• **WHAT YOU WILL DO**: Copy each line of the records exactly, stopping only after the line that contains "img.name = name" has been written, and leave pictures out.

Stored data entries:
········

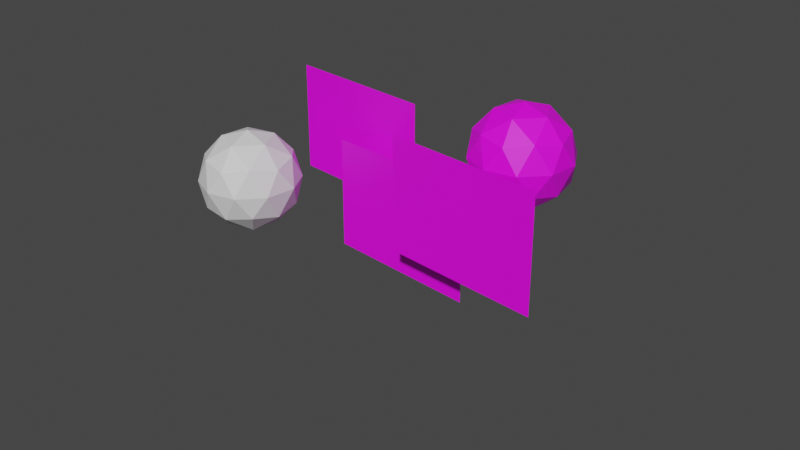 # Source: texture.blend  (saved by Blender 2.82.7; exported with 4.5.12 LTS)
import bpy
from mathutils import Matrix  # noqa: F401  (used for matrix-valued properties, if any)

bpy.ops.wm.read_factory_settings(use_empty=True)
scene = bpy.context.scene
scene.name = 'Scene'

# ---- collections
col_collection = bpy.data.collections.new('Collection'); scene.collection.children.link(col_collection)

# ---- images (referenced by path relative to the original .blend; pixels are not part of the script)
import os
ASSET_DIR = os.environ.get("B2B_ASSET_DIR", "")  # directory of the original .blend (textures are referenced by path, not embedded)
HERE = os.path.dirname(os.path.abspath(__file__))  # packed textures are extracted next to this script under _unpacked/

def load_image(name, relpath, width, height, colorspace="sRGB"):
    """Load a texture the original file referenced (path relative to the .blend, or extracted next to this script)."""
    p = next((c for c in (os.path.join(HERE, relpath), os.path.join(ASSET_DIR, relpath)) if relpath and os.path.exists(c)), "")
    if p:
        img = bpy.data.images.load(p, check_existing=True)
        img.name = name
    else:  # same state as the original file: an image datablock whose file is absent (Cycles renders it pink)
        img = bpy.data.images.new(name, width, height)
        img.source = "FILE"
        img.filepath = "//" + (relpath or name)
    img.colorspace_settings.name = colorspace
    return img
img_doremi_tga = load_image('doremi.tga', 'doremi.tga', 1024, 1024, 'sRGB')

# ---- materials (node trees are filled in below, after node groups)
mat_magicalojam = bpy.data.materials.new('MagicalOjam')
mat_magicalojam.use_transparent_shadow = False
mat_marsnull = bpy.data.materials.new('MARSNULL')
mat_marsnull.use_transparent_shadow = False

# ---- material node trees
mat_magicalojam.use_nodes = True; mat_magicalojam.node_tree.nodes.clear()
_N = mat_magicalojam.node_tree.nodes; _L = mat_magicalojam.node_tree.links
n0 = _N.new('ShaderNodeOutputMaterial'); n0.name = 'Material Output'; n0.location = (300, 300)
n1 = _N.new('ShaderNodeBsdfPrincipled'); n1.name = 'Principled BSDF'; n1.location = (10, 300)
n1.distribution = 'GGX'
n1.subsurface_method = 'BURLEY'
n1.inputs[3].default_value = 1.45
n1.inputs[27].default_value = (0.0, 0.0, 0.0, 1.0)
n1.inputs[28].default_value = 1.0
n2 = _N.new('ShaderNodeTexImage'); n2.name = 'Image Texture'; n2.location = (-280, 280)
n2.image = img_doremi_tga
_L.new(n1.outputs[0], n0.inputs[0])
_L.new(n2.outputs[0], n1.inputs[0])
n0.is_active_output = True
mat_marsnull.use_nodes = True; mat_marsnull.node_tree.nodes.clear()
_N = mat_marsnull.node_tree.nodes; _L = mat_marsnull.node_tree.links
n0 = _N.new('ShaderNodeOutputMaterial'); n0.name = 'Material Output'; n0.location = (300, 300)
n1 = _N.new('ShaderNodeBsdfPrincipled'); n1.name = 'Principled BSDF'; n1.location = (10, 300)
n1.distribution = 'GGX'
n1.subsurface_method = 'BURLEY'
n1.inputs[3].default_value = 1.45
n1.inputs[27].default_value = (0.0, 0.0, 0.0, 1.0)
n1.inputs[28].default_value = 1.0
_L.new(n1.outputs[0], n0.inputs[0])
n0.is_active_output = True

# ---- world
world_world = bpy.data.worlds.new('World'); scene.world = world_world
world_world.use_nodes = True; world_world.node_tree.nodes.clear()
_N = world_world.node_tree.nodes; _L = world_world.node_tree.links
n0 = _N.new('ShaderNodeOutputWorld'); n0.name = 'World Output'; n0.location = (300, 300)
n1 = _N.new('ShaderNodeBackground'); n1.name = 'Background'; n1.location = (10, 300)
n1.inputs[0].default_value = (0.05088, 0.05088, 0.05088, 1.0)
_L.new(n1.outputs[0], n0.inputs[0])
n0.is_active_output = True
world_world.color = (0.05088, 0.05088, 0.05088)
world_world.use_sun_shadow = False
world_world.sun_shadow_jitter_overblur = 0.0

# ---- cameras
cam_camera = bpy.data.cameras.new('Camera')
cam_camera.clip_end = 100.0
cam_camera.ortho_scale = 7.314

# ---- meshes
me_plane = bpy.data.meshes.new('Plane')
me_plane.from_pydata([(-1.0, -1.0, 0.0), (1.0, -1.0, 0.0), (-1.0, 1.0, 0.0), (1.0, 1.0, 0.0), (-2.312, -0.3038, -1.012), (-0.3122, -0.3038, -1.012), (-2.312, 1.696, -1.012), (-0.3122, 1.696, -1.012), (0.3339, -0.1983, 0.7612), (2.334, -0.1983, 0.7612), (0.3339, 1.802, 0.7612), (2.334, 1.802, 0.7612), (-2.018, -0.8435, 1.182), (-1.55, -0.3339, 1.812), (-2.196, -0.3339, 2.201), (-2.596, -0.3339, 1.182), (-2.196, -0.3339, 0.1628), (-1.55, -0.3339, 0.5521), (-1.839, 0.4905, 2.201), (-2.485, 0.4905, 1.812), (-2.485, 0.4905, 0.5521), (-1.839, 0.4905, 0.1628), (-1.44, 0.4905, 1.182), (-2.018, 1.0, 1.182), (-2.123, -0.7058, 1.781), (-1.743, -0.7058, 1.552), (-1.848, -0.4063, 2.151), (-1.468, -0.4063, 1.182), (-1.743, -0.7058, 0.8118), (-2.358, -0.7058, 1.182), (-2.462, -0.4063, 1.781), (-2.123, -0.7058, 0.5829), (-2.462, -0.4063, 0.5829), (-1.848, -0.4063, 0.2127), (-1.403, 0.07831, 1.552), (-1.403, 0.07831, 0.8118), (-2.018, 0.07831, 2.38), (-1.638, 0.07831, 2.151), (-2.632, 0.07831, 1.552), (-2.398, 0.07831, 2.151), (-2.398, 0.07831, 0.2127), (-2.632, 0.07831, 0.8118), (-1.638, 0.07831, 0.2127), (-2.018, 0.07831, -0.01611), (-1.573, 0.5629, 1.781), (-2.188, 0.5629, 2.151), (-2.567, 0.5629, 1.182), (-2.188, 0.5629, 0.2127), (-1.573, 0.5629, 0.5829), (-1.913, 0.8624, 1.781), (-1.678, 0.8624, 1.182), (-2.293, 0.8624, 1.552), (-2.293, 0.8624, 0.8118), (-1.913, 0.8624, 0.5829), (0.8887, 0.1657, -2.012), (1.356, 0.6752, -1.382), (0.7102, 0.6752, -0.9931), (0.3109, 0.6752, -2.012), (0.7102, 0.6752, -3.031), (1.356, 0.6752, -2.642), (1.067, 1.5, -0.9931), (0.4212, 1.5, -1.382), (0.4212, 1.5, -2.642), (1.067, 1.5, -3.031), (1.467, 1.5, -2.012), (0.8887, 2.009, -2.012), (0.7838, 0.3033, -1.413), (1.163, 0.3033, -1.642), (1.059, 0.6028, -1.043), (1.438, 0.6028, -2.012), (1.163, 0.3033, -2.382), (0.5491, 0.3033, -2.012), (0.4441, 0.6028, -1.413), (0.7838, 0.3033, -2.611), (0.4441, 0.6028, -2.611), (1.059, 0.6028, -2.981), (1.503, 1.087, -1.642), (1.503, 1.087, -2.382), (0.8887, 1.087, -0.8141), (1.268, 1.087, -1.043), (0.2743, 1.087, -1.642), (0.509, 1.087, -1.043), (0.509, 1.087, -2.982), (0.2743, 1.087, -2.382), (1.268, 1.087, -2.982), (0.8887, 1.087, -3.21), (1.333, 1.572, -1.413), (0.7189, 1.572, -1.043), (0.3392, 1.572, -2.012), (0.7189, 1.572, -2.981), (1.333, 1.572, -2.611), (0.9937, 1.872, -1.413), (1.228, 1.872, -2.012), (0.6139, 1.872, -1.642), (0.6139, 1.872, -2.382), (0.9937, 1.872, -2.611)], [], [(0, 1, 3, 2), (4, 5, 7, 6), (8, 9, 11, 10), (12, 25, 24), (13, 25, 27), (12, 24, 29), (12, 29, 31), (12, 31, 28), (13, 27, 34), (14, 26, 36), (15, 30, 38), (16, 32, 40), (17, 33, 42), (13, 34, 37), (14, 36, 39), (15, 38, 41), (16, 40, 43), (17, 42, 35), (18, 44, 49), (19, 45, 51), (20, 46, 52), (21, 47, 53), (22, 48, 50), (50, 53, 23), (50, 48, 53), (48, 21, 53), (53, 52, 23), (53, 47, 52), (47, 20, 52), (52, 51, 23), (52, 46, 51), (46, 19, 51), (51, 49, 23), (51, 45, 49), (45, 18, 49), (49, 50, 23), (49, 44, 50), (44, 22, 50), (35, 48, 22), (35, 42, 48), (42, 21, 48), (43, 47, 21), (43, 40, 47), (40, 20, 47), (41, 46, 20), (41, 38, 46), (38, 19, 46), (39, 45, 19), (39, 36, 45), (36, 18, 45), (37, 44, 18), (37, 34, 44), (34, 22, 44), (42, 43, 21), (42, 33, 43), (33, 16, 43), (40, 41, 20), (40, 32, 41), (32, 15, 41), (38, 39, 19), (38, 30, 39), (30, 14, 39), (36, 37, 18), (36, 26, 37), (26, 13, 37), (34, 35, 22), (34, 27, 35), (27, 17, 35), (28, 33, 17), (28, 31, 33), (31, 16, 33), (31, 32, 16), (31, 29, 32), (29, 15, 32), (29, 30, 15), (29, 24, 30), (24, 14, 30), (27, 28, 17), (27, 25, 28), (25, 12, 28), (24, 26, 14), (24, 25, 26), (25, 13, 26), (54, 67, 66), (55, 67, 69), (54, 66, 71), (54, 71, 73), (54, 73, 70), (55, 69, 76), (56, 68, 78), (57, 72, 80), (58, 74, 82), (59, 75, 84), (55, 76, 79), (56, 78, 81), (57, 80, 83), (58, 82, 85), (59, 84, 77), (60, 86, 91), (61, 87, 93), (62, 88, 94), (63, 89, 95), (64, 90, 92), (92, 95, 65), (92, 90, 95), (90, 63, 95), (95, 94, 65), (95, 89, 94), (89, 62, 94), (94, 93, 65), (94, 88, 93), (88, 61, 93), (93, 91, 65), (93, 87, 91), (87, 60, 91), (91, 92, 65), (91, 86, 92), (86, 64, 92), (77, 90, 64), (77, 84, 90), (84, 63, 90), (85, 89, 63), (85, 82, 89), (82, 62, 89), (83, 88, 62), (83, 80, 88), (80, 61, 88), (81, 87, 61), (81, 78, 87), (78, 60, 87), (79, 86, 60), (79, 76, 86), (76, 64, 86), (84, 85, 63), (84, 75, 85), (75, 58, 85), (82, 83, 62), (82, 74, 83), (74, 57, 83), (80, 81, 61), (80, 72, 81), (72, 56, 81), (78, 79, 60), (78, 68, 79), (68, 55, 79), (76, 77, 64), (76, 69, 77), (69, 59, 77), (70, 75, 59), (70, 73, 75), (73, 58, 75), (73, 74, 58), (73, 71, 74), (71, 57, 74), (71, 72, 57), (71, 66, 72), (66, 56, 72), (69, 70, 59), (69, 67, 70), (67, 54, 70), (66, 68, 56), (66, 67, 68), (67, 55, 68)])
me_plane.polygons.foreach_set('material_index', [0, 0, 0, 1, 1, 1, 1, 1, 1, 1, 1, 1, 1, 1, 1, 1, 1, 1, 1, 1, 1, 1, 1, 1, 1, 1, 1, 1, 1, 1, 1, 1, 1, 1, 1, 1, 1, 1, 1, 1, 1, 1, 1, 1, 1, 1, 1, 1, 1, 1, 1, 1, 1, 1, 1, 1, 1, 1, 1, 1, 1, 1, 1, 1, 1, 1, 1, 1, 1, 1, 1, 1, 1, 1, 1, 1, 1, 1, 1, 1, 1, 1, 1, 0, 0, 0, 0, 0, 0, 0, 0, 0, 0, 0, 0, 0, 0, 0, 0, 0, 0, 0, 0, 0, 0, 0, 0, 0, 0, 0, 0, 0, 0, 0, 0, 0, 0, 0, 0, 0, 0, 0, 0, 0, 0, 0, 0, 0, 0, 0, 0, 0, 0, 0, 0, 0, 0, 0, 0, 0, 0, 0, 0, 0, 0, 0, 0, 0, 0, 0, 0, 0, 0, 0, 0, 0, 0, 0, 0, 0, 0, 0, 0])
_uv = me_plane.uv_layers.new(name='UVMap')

········

• **SOLUTION FOR THIS PROBLEM**:
 # Source: texture.blend  (saved by Blender 2.82.7; exported with 4.5.12 LTS)
import bpy
from mathutils import Matrix  # noqa: F401  (used for matrix-valued properties, if any)

bpy.ops.wm.read_factory_settings(use_empty=True)
scene = bpy.context.scene
scene.name = 'Scene'

# ---- collections
col_collection = bpy.data.collections.new('Collection'); scene.collection.children.link(col_collection)

# ---- images (referenced by path relative to the original .blend; pixels are not part of the script)
import os
ASSET_DIR = os.environ.get("B2B_ASSET_DIR", "")  # directory of the original .blend (textures are referenced by path, not embedded)
HERE = os.path.dirname(os.path.abspath(__file__))  # packed textures are extracted next to this script under _unpacked/

def load_image(name, relpath, width, height, colorspace="sRGB"):
    """Load a texture the original file referenced (path relative to the .blend, or extracted next to this script)."""
    p = next((c for c in (os.path.join(HERE, relpath), os.path.join(ASSET_DIR, relpath)) if relpath and os.path.exists(c)), "")
    if p:
        img = bpy.data.images.load(p, check_existing=True)
        img.name = name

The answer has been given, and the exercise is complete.